What is expected: Out of the material that follows, write out exactly the lines from the line with "- net labels added: ~ACIA" to the line with "4590 5910 5100 5910", both ends included, and no others.
__________
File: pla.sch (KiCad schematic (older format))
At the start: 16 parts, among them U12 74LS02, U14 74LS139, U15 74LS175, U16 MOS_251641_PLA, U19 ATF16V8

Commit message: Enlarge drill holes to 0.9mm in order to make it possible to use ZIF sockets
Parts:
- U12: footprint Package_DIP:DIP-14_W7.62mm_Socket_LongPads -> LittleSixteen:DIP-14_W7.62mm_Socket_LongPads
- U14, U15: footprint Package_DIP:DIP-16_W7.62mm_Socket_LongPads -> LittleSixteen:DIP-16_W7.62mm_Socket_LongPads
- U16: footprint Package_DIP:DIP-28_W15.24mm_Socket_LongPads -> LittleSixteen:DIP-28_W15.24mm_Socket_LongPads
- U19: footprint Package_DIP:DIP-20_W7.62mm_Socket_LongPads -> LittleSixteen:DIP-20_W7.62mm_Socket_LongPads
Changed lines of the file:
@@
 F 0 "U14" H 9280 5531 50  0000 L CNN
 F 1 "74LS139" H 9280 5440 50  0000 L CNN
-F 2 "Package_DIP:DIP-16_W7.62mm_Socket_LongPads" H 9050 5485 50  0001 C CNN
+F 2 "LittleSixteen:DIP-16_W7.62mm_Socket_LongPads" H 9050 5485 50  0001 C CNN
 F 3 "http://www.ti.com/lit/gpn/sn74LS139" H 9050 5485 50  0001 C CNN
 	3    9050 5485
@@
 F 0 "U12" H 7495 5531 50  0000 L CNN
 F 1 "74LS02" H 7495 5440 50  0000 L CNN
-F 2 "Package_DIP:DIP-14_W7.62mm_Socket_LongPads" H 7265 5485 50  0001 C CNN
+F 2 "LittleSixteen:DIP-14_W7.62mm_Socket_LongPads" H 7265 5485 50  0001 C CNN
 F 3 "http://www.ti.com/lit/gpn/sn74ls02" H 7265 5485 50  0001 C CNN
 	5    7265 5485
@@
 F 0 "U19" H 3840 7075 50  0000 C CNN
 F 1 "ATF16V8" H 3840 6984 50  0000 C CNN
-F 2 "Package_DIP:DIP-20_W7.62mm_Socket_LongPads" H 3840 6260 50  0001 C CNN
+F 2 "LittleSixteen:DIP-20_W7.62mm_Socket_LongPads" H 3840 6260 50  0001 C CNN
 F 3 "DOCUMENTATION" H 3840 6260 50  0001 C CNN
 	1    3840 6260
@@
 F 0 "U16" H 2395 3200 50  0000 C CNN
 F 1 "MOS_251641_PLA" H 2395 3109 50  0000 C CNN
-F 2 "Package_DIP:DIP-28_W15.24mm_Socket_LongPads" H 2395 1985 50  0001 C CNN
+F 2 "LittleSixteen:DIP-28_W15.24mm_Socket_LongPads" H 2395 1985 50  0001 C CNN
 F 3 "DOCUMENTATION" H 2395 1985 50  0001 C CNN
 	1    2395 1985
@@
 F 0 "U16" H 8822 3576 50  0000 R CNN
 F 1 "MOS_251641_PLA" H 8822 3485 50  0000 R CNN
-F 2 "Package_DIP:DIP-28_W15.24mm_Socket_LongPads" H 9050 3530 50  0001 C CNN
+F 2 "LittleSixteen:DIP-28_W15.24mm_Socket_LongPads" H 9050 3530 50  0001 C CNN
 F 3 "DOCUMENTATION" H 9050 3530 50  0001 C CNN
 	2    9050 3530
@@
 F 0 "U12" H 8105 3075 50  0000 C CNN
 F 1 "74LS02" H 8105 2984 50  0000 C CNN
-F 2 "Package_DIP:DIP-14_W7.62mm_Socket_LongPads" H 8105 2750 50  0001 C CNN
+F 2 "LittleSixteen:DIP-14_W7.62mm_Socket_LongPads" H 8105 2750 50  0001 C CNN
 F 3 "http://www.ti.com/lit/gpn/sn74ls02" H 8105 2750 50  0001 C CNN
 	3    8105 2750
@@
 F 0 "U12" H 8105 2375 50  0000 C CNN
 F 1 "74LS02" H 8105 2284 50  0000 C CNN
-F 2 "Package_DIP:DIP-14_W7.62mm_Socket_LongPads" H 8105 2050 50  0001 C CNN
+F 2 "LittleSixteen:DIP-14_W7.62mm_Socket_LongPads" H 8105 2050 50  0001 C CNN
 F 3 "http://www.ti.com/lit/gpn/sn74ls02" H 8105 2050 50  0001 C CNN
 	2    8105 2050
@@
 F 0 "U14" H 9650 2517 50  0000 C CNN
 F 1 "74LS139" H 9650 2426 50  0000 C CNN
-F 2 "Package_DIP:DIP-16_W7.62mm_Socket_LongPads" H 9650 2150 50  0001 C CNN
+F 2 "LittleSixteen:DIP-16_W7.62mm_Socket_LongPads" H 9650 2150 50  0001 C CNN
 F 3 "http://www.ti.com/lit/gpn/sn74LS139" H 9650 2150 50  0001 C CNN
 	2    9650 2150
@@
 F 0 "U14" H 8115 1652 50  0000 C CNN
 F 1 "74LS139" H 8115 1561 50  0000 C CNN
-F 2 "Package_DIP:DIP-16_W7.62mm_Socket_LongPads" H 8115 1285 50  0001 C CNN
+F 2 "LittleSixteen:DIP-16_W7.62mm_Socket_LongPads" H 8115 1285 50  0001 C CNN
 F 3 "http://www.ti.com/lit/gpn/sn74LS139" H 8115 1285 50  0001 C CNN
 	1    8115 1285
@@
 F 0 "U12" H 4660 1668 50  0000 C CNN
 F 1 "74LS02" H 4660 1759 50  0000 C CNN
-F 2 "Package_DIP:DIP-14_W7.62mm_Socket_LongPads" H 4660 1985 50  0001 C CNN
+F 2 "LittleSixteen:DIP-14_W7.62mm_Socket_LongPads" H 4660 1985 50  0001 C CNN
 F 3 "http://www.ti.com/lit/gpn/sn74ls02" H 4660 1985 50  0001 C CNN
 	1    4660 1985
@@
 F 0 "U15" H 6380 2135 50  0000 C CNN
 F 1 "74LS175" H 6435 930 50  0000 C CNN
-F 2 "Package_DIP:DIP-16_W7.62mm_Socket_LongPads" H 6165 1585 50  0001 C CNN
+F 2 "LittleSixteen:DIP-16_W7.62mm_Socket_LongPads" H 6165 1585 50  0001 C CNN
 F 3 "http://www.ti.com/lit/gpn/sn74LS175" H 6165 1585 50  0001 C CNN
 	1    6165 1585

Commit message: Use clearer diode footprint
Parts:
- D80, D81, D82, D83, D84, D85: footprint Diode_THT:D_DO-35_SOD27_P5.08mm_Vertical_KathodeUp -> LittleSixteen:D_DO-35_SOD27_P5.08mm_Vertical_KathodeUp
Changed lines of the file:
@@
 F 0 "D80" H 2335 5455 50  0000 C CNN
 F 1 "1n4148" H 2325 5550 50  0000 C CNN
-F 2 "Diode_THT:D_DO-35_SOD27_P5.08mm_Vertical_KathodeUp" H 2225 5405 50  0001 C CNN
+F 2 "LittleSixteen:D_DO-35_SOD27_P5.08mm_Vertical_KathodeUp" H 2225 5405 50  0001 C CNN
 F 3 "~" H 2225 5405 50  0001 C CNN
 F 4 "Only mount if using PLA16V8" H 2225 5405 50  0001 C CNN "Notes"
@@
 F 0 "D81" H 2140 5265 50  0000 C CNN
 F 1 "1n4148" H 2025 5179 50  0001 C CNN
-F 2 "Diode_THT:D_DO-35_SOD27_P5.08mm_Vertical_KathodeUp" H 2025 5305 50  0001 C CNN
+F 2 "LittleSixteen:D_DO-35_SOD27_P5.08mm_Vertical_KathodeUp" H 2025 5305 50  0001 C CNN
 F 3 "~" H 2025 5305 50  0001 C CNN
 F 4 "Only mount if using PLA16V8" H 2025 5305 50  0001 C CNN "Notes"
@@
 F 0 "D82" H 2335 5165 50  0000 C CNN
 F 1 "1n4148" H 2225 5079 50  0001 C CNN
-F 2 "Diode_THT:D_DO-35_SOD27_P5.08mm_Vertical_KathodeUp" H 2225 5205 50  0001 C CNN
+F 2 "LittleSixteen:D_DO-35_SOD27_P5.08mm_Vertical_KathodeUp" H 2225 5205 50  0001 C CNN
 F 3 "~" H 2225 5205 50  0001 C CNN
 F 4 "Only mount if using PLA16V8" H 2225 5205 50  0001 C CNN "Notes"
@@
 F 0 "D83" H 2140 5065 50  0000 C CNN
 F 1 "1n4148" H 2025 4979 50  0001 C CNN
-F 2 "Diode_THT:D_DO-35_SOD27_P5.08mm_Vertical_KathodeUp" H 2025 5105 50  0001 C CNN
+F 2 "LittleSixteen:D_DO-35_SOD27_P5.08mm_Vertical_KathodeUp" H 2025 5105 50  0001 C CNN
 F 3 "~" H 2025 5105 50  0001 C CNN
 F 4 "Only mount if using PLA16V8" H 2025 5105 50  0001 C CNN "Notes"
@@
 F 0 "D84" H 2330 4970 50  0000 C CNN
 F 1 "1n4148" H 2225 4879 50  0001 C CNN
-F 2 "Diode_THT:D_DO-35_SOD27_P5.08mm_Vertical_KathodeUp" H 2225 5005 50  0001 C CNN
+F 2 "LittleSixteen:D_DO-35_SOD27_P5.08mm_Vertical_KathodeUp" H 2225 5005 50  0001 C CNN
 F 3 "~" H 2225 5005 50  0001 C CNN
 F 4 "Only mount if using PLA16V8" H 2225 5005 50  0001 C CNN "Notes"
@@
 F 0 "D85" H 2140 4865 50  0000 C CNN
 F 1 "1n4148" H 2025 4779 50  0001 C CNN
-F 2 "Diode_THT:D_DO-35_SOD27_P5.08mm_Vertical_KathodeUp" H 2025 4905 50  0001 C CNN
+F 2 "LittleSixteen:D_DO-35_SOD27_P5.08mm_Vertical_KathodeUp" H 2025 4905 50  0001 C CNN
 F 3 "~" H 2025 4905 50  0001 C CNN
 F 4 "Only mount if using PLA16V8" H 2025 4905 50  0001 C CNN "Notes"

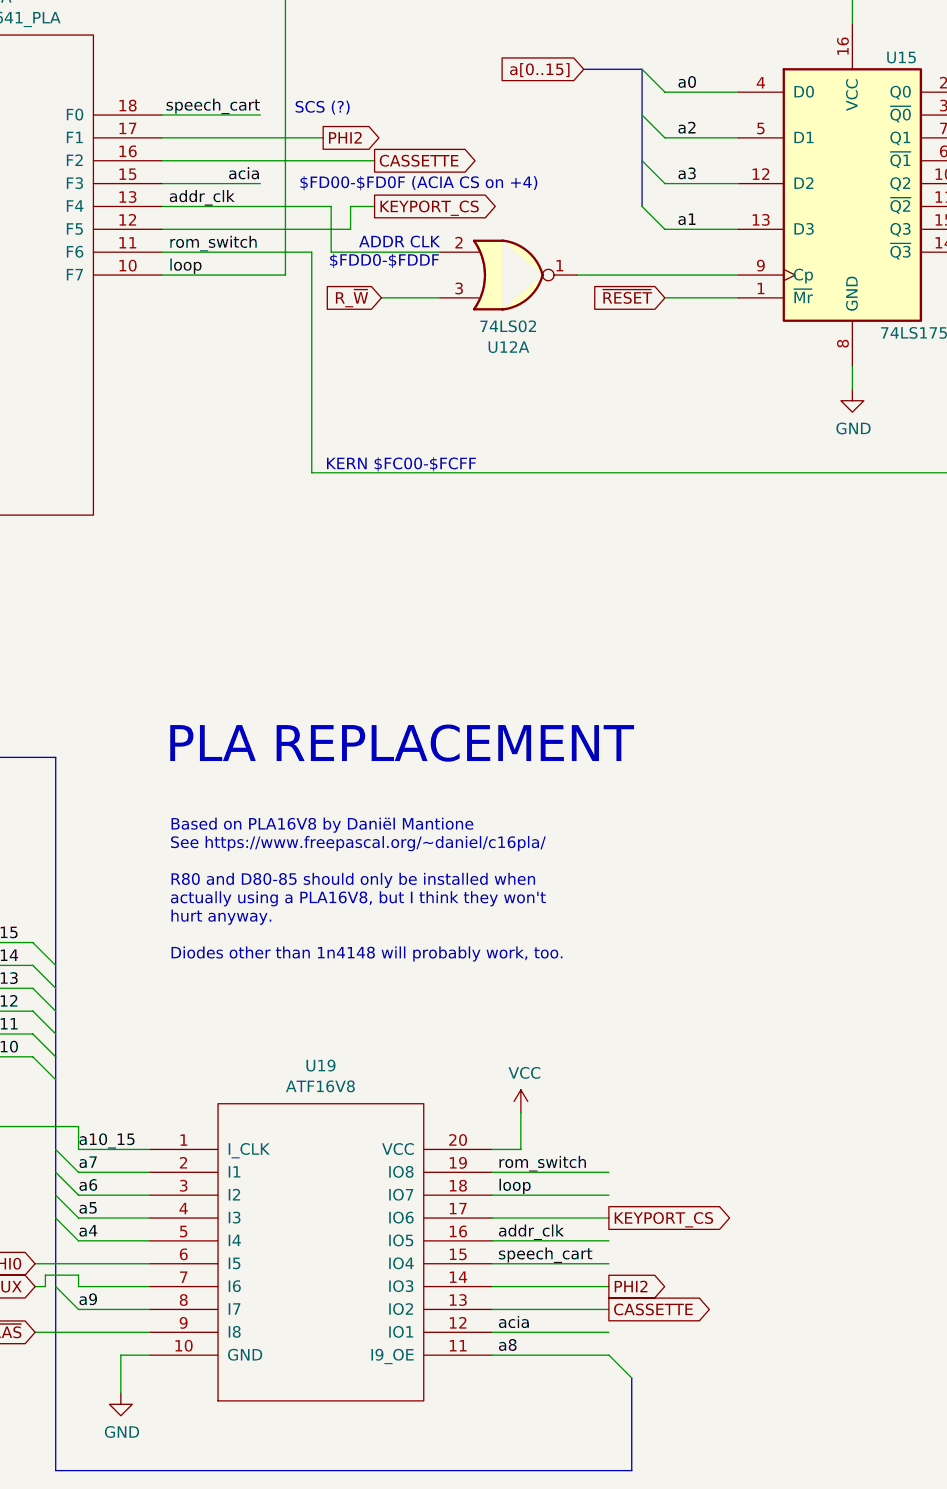
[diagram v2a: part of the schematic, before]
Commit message: Add userport schematics and enlarge board
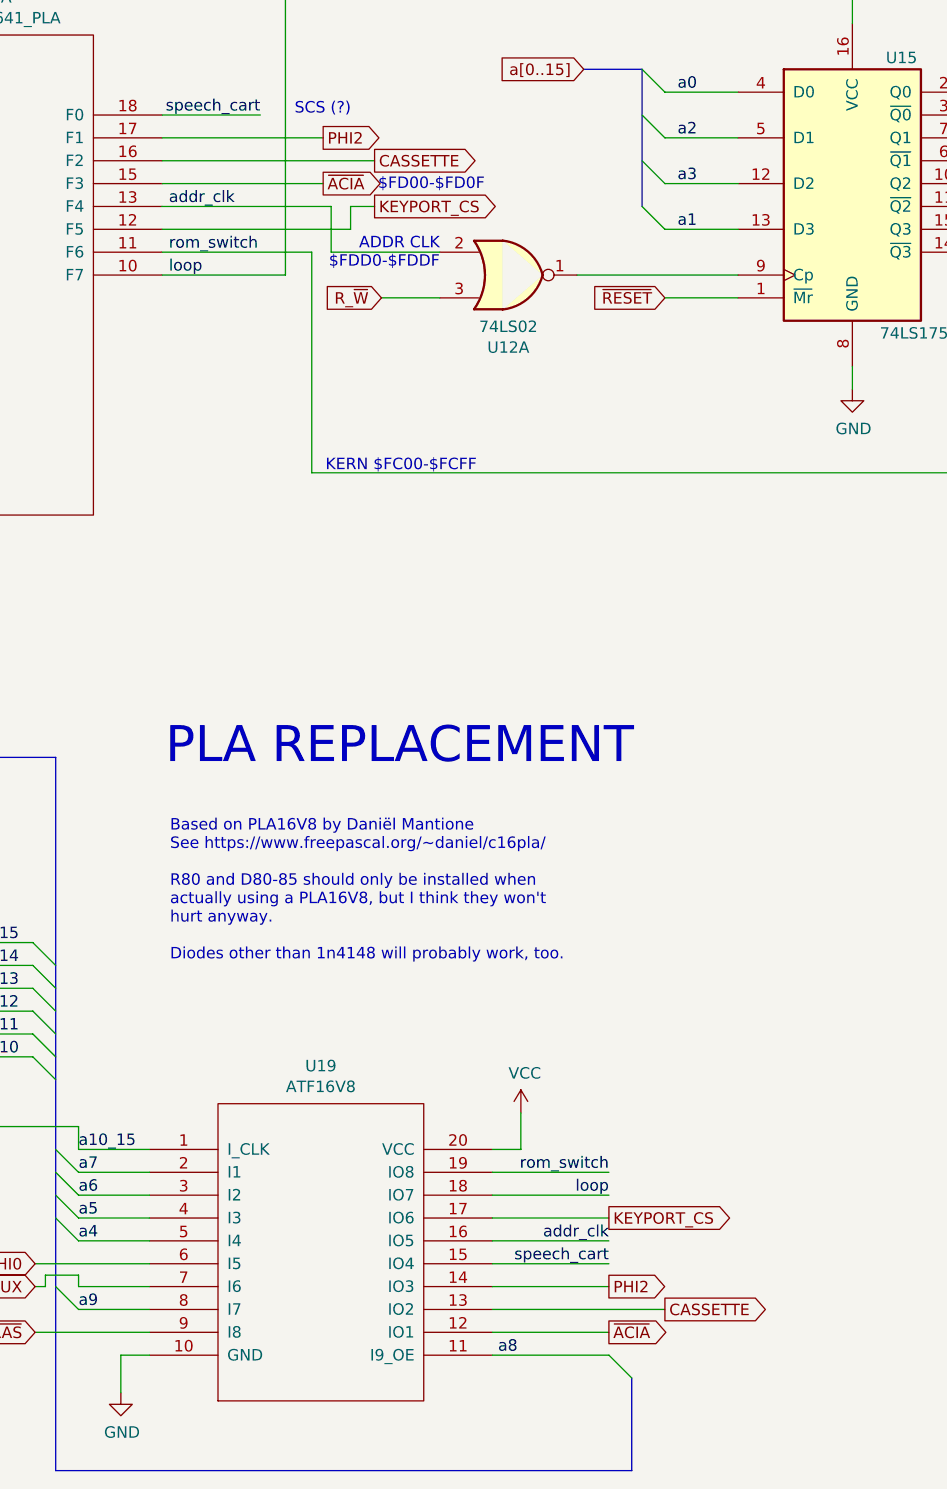
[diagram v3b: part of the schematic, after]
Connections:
- net labels added: ~ACIA
- net labels removed: acia
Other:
- note added: "$FD00-$FD0F"
- note removed: "$FD00-$FD0F (ACIA CS on +4)"
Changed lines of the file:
@@
 $Descr A4 11693 8268
 encoding utf-8
-Sheet 10 12
+Sheet 10 13
 Title "LittleSixteen"
 Date "2021-11-05"
@@
 	4590 6610 5100 6610
 Wire Wire Line
-	4590 6510 5100 6510
+	4590 6510 5345 6510
 Wire Wire Line
 	4590 6410 5100 6410
@@
 Wire Wire Line
 	4590 5910 5100 5910
-Text Label 4615 6610 0    50   ~ 0
-acia
-Text Label 4615 6210 0    50   ~ 0
+Text Label 5100 6210 2    50   ~ 0
 addr_clk
-Text Label 4615 5910 0    50   ~ 0
+Text Label 5100 5910 2    50   ~ 0
 rom_switch
-Text Label 4615 6010 0    50   ~ 0
+Text Label 5100 6010 2    50   ~ 0
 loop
__________
Answer space:
- net labels added: ~ACIA
- net labels removed: acia
Other:
- note added: "$FD00-$FD0F"
- note removed: "$FD00-$FD0F (ACIA CS on +4)"
Changed lines of the file:
@@
 $Descr A4 11693 8268
 encoding utf-8
-Sheet 10 12
+Sheet 10 13
 Title "LittleSixteen"
 Date "2021-11-05"
@@
 	4590 6610 5100 6610
 Wire Wire Line
-	4590 6510 5100 6510
+	4590 6510 5345 6510
 Wire Wire Line
 	4590 6410 5100 6410
@@
 Wire Wire Line
 	4590 5910 5100 5910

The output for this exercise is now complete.